Coco FRUTO SAULO COELHO

Em oposição, o coco verde, que corresponde a cerca de metade de todo o plantio brasileiro, depende da irrigação para render. Com demanda hídrica relativamente alta para garantir a produtividade, o coco verde precisa de, aproximadamente, 170 litros de água de irrigação para cada litro de água de coco produzida, segundo Resende. “A nossa realidade local no Platô é a utilização de, em média, 150 litros de água de irrigação por planta, por dia. Mas são plantas com uma produtividade que justificam esse investimento. Já para o coco seco, a irrigação não costuma ser utilizada, não havendo ainda inclusive, trabalhos mostrando como ele se comportaria num regime irrigado”, comenta.

Segundo o pesquisador, para a produção do coco verde, a irrigação utilizada é basicamente o sistema de microaspersão. “Na irrigação localizada, a depender do calibre do microaspersor, chegamos a vazões de 70, 80, 90 litros por hora. Com a utilização de um gotejador, cujas vazões são na faixa de 2, 4, 6, 8 litros por hora a depender do modelo, fazemos a associação de vários gotejadores. Além da linha principal, é colocado um tubo mais fino redor da planta, para instalar os gotejadores, a fim de que o conjunto das vazões chegue ao volume desejado”, detalha.

Mas, irrigado ou não, o coco tem como característica a produção contínua. São floradas quase mensais, sobretudo no Coqueiro-Anão. Já no Coqueiro-Gigante, a prática comum é fazer a colheita trimestralmente ou quadrimestralmente. “O coco verde irrigado tem colheita contínua. Num regime desse, em uma produtividade razoável para a nossa condição de Nordeste, uma planta chega a dar 150, 200 frutos por ano, por planta. A nossa média é um pouco abaixo disso, temos uma produção de 120  a 130, e algumas propriedades chegam a 150, 160 frutos por planta/ano. Em apenas algumas pequenas áreas mais produtivas é que se chega a 180, 190 frutos”, conta Ronaldo Resende.

Na região de Semiárido, é possível se conseguir uma produtividade maior com o uso da irrigação, segundo o pesquisador, em virtude principalmente da luminosidade. “No semiárido temos mais energia, em termos de hora de Sol. Além do mais, na nossa região, a cultura está muito associada ao tipo de solo característico, que são solos mais pobres, com menor capacidade de armazenamento de água. Então, as condições edafoclimáticas são favoráveis à produção do coco, mas necessariamente com a irrigação – que, no Semiárido, é obrigatória. Nas regiões litorâneas, ela é altamente recomendada. Deixar de irrigar significa uma queda expressiva na produção. Se o produtor depender só do regime de chuvas, com certeza vai ter uma redução de 30 a 40% na sua produtividade”, explica Ronaldo.

Financiamento e aptidão
Irrigar, contudo, não é algo simples de se fazer, primeiramente, porque demanda algum investimento. O gerente executivo do Programa Nacional de Fortalecimento da Agricultura Familiar (Pronaf) do Banco do Nordeste em Sergipe, Volnandy Brito, explica que o BNB dispõe de uma série de linhas de financiamento para o mini, o pequeno, o médio e o grande produtor. “Estamos encerrando 2017 tendo investido cerca de R$ 100 milhões na agricultura familiar. Em 2018, nosso objetivo é manter essa performance de financiamento, pois o setor primário é que alavanca os demais setores da economia”.

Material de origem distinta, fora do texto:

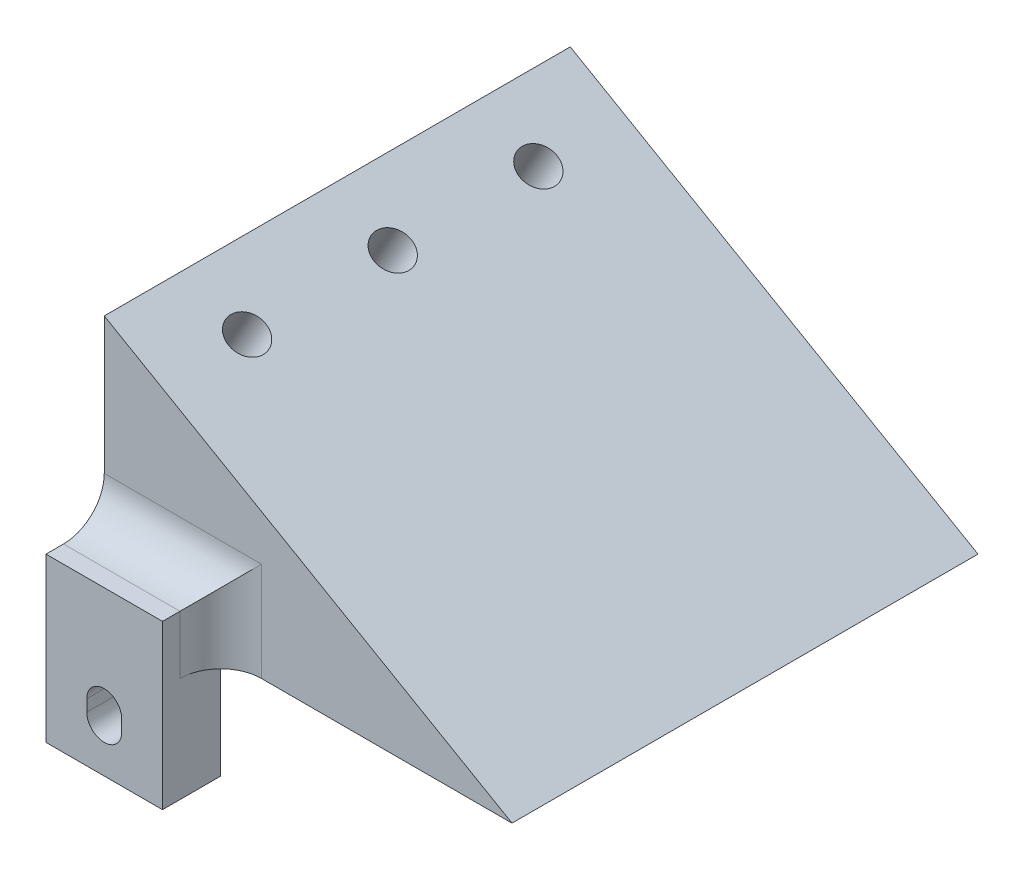
ISO-10303-21;
HEADER;
FILE_DESCRIPTION(('STEP AP214'),'2;1');
FILE_NAME('part.step','',(''),(''),'','','');
FILE_SCHEMA(('AUTOMOTIVE_DESIGN { 1 0 10303 214 1 1 1 1 }'));
ENDSEC;
DATA;
#1=APPLICATION_CONTEXT('core data for automotive mechanical design processes');
#2=APPLICATION_PROTOCOL_DEFINITION('international standard','automotive_design',2000,#1);
#3=PRODUCT_CONTEXT('',#1,'mechanical');
#4=PRODUCT('Part','Part','',(#3));
#5=PRODUCT_RELATED_PRODUCT_CATEGORY('part','',(#4));
#6=PRODUCT_DEFINITION_FORMATION('','',#4);
#7=PRODUCT_DEFINITION_CONTEXT('part definition',#1,'design');
#8=PRODUCT_DEFINITION('design','',#6,#7);
#9=PRODUCT_DEFINITION_SHAPE('','',#8);
#10=(LENGTH_UNIT() NAMED_UNIT(*) SI_UNIT(.MILLI.,.METRE.));
#11=(NAMED_UNIT(*) PLANE_ANGLE_UNIT() SI_UNIT($,.RADIAN.));
#12=(NAMED_UNIT(*) SI_UNIT($,.STERADIAN.) SOLID_ANGLE_UNIT());
#13=UNCERTAINTY_MEASURE_WITH_UNIT(LENGTH_MEASURE(1.E-05),#10,'distance_accuracy_value','');
#14=(GEOMETRIC_REPRESENTATION_CONTEXT(3) GLOBAL_UNCERTAINTY_ASSIGNED_CONTEXT((#13)) GLOBAL_UNIT_ASSIGNED_CONTEXT((#10,
#11,#12)) REPRESENTATION_CONTEXT('',''));
#15=CARTESIAN_POINT('',(0.,0.,0.));
#16=DIRECTION('',(0.,0.,1.));
#17=DIRECTION('',(1.,0.,0.));
#18=AXIS2_PLACEMENT_3D('',#15,#16,#17);
#19=CARTESIAN_POINT('',(0.,0.,0.));
#20=DIRECTION('',(0.,0.,1.));
#21=DIRECTION('',(-1.,0.,0.));
#22=AXIS2_PLACEMENT_3D('',#19,#20,#21);
#23=PLANE('',#22);
#24=DIRECTION('',(1.,0.,0.));
#25=VECTOR('',#24,1.);
#26=CARTESIAN_POINT('',(70.,0.,0.));
#27=LINE('',#26,#25);
#28=CARTESIAN_POINT('',(0.,0.,0.));
#29=VERTEX_POINT('',#28);
#30=CARTESIAN_POINT('',(20.,0.,0.));
#31=VERTEX_POINT('',#30);
#32=EDGE_CURVE('E331',#29,#31,#27,.T.);
#33=ORIENTED_EDGE('',*,*,#32,.F.);
#34=DIRECTION('',(0.,-1.,0.));
#35=VECTOR('',#34,1.);
#36=CARTESIAN_POINT('',(0.,10.,0.));
#37=LINE('',#36,#35);
#38=CARTESIAN_POINT('',(0.,-18.,0.));
#39=VERTEX_POINT('',#38);
#40=EDGE_CURVE('E241',#29,#39,#37,.T.);
#41=ORIENTED_EDGE('',*,*,#40,.T.);
#42=DIRECTION('',(1.,0.,0.));
#43=VECTOR('',#42,1.);
#44=CARTESIAN_POINT('',(20.,-18.,0.));
#45=LINE('',#44,#43);
#46=CARTESIAN_POINT('',(20.,-18.,0.));
#47=VERTEX_POINT('',#46);
#48=EDGE_CURVE('E246',#39,#47,#45,.T.);
#49=ORIENTED_EDGE('',*,*,#48,.T.);
#50=DIRECTION('',(0.,1.,0.));
#51=VECTOR('',#50,1.);
#52=CARTESIAN_POINT('',(20.,10.,0.));
#53=LINE('',#52,#51);
#54=EDGE_CURVE('E257',#47,#31,#53,.T.);
#55=ORIENTED_EDGE('',*,*,#54,.T.);
#56=EDGE_LOOP('',(#33,#41,#49,#55));
#57=FACE_BOUND('',#56,.T.);
#58=DIRECTION('',(0.,-1.,0.));
#59=VECTOR('',#58,1.);
#60=CARTESIAN_POINT('',(13.,0.,0.));
#61=LINE('',#60,#59);
#62=CARTESIAN_POINT('',(13.,-8.,0.));
#63=VERTEX_POINT('',#62);
#64=CARTESIAN_POINT('',(13.,-10.,0.));
#65=VERTEX_POINT('',#64);
#66=EDGE_CURVE('E235',#63,#65,#61,.T.);
#67=ORIENTED_EDGE('',*,*,#66,.T.);
#68=CARTESIAN_POINT('',(10.,-10.,0.));
#69=DIRECTION('',(0.,0.,1.));
#70=DIRECTION('',(1.,0.,0.));
#71=AXIS2_PLACEMENT_3D('',#68,#69,#70);
#72=CIRCLE('',#71,3.);
#73=CARTESIAN_POINT('',(7.,-10.,0.));
#74=VERTEX_POINT('',#73);
#75=EDGE_CURVE('E238',#65,#74,#72,.F.);
#76=ORIENTED_EDGE('',*,*,#75,.T.);
#77=DIRECTION('',(0.,1.,0.));
#78=VECTOR('',#77,1.);
#79=CARTESIAN_POINT('',(6.99999999999999,0.,0.));
#80=LINE('',#79,#78);
#81=CARTESIAN_POINT('',(7.,-8.,0.));
#82=VERTEX_POINT('',#81);
#83=EDGE_CURVE('E230',#74,#82,#80,.T.);
#84=ORIENTED_EDGE('',*,*,#83,.T.);
#85=CARTESIAN_POINT('',(10.,-8.,0.));
#86=DIRECTION('',(0.,0.,1.));
#87=DIRECTION('',(1.,0.,0.));
#88=AXIS2_PLACEMENT_3D('',#85,#86,#87);
#89=CIRCLE('',#88,3.);
#90=EDGE_CURVE('E206',#82,#63,#89,.F.);
#91=ORIENTED_EDGE('',*,*,#90,.T.);
#92=EDGE_LOOP('',(#67,#76,#84,#91));
#93=FACE_BOUND('',#92,.T.);
#94=ADVANCED_FACE('F37',(#57,#93),#23,.T.);
#95=CARTESIAN_POINT('',(0.,0.,-10.));
#96=DIRECTION('',(0.,0.,1.));
#97=DIRECTION('',(-1.,0.,0.));
#98=AXIS2_PLACEMENT_3D('',#95,#96,#97);
#99=PLANE('',#98);
#100=DIRECTION('',(0.,-1.,0.));
#101=VECTOR('',#100,1.);
#102=CARTESIAN_POINT('',(0.,10.,-10.));
#103=LINE('',#102,#101);
#104=CARTESIAN_POINT('',(0.,10.,-10.));
#105=VERTEX_POINT('',#104);
#106=CARTESIAN_POINT('',(0.,-18.,-10.));
#107=VERTEX_POINT('',#106);
#108=EDGE_CURVE('E242',#105,#107,#103,.T.);
#109=ORIENTED_EDGE('',*,*,#108,.F.);
#110=DIRECTION('',(-1.,0.,0.));
#111=VECTOR('',#110,1.);
#112=CARTESIAN_POINT('',(20.,10.,-10.));
#113=LINE('',#112,#111);
#114=CARTESIAN_POINT('',(20.,10.,-10.));
#115=VERTEX_POINT('',#114);
#116=EDGE_CURVE('E245',#115,#105,#113,.T.);
#117=ORIENTED_EDGE('',*,*,#116,.F.);
#118=DIRECTION('',(0.,1.,0.));
#119=VECTOR('',#118,1.);
#120=CARTESIAN_POINT('',(20.,10.,-10.));
#121=LINE('',#120,#119);
#122=CARTESIAN_POINT('',(20.,-18.,-10.));
#123=VERTEX_POINT('',#122);
#124=EDGE_CURVE('E249',#123,#115,#121,.T.);
#125=ORIENTED_EDGE('',*,*,#124,.F.);
#126=DIRECTION('',(1.,0.,0.));
#127=VECTOR('',#126,1.);
#128=CARTESIAN_POINT('',(20.,-18.,-10.));
#129=LINE('',#128,#127);
#130=EDGE_CURVE('E252',#107,#123,#129,.T.);
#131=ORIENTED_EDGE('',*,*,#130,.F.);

Volnandy Brito BNBAtravés do Pronaf A, é possível que os produtores de Assentamentos de Reforma Agrária consigam recursos de até R$ 26,5 mil, sendo R$ 1,5 mil para assistência técnica e R$ 25 mil para a área produtiva. Já o Pronaf B possibilita que o agricultor familiar adquira financiamento de até R$ 5 mil, podendo chegar a R$ 15 mil pela metodologia do Agroamigo, sem a necessidade da escritura; ou até R$ 175 mil com escritura. O mini e o pequeno produtor, por sua vez, têm acesso a recursos entre R$ 360 mil e R$ 3,6 milhões; enquanto ao médio e ao grande produtor podem ser concedidas linhas de financiamento sem limite pré-estabelecido, com definição relacionada ao estudo de viabilidade e à garantia rural.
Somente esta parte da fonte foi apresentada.